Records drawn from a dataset
───

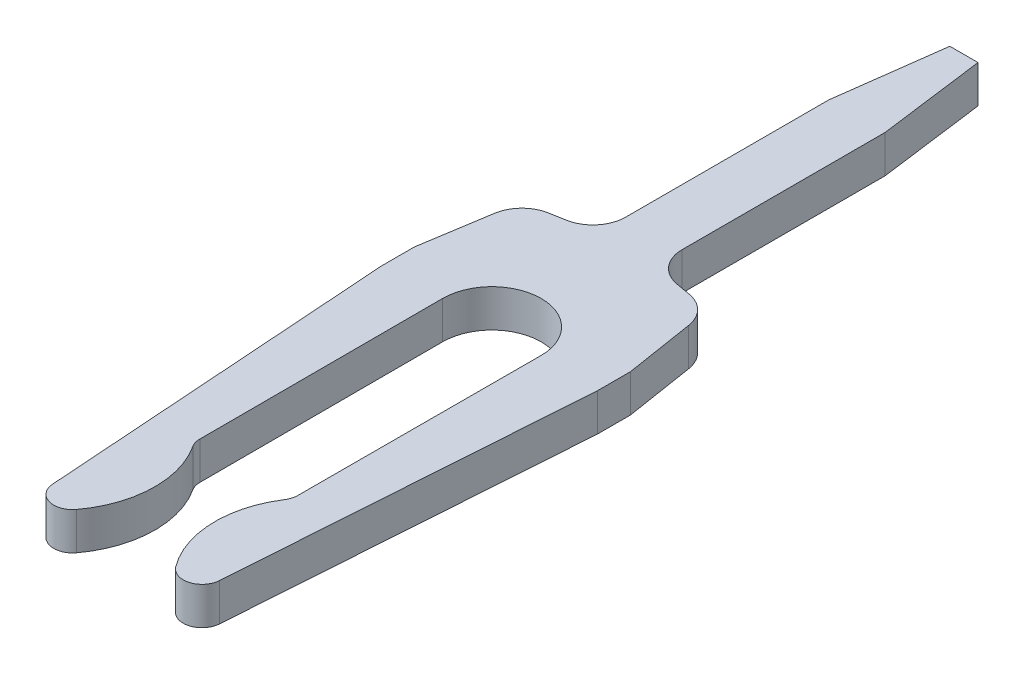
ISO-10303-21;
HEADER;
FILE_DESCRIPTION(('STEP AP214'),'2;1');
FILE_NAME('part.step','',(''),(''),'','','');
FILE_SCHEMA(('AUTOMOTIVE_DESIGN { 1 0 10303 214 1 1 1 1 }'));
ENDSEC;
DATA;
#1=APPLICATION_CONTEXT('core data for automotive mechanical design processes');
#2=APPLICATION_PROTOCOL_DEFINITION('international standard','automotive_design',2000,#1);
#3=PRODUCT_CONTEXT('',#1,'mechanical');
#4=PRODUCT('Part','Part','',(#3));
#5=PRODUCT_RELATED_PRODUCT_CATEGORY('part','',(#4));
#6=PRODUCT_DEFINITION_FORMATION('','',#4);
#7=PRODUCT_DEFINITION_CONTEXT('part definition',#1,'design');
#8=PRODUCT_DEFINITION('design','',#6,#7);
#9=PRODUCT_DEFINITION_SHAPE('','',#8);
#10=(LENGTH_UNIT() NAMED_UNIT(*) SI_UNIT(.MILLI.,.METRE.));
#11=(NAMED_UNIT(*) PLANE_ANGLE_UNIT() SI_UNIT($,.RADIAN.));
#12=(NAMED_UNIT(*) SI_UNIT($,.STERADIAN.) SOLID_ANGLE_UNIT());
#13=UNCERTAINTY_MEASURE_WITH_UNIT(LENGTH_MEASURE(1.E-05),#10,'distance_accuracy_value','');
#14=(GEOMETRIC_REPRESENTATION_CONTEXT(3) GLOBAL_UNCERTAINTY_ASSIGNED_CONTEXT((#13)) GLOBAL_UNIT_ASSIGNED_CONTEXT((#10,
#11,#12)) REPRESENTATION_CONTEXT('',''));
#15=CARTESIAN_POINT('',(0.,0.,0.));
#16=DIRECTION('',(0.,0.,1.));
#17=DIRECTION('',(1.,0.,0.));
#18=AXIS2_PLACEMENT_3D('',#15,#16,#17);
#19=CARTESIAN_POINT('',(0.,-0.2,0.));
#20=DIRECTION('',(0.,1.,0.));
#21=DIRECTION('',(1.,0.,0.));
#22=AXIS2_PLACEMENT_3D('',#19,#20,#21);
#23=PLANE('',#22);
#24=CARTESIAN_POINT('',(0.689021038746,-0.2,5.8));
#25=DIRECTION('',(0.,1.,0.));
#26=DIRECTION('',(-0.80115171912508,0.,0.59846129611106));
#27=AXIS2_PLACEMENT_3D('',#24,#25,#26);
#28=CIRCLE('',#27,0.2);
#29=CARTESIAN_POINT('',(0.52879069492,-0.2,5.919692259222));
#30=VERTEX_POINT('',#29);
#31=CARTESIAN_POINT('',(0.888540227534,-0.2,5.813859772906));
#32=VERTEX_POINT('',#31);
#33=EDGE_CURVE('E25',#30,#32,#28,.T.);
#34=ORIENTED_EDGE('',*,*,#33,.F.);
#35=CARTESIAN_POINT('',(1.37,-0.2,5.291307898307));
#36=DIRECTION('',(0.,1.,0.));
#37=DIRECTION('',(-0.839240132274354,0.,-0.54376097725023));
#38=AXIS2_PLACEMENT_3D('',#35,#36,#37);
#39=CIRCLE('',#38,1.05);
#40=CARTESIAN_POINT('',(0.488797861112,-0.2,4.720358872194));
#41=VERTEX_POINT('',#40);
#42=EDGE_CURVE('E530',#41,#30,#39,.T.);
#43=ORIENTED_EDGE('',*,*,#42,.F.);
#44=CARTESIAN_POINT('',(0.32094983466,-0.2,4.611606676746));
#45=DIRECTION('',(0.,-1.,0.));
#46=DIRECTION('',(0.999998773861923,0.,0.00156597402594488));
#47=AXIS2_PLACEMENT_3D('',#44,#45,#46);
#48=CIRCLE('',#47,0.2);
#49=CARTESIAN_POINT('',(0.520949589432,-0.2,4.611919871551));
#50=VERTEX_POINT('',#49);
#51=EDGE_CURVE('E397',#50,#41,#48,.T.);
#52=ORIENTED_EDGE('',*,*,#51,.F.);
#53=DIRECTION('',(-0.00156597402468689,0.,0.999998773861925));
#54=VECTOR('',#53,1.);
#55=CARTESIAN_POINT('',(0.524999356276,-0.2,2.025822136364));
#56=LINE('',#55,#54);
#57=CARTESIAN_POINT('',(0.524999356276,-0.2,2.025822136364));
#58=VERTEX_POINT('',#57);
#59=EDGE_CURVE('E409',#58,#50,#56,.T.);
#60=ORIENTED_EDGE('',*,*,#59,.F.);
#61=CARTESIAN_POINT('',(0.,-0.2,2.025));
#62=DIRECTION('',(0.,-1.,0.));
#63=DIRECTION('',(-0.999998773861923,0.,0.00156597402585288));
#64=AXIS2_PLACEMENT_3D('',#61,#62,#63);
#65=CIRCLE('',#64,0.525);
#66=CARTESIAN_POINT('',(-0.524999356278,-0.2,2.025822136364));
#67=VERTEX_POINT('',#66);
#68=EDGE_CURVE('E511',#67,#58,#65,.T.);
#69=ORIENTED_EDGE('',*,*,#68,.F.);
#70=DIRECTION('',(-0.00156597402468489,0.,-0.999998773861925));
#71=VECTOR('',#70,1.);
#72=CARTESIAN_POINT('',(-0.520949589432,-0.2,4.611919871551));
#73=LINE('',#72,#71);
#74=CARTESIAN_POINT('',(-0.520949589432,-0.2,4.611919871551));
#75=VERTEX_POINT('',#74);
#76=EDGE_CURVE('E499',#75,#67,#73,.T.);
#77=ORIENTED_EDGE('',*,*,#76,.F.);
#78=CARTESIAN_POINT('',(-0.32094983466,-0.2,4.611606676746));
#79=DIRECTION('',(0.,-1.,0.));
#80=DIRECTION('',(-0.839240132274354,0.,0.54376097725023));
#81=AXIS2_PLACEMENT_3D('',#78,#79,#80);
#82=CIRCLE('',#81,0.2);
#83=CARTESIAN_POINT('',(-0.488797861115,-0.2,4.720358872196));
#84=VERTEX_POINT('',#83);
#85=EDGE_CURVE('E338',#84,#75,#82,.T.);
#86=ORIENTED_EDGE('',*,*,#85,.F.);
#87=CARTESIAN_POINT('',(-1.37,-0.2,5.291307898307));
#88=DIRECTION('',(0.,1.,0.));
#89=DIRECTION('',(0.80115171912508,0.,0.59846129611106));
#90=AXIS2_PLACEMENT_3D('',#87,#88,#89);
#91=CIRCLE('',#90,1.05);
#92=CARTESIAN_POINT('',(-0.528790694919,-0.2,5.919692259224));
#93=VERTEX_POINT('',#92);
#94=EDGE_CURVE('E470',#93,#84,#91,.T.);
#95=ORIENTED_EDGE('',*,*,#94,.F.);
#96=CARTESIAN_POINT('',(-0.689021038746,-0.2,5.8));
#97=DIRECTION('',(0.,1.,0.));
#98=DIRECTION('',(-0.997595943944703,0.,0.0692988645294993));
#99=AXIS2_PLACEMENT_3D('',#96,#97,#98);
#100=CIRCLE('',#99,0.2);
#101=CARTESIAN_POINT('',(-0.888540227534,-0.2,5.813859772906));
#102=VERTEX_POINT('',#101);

───

== TASK PROMPT ==
Scan the records above for the string "CIRCLE", then copy each line where it turns up.

== TASK RESULT ==
#28=CIRCLE('',#27,0.2);
#39=CIRCLE('',#38,1.05);
#48=CIRCLE('',#47,0.2);
#65=CIRCLE('',#64,0.525);
#82=CIRCLE('',#81,0.2);
#91=CIRCLE('',#90,1.05);
#100=CIRCLE('',#99,0.2);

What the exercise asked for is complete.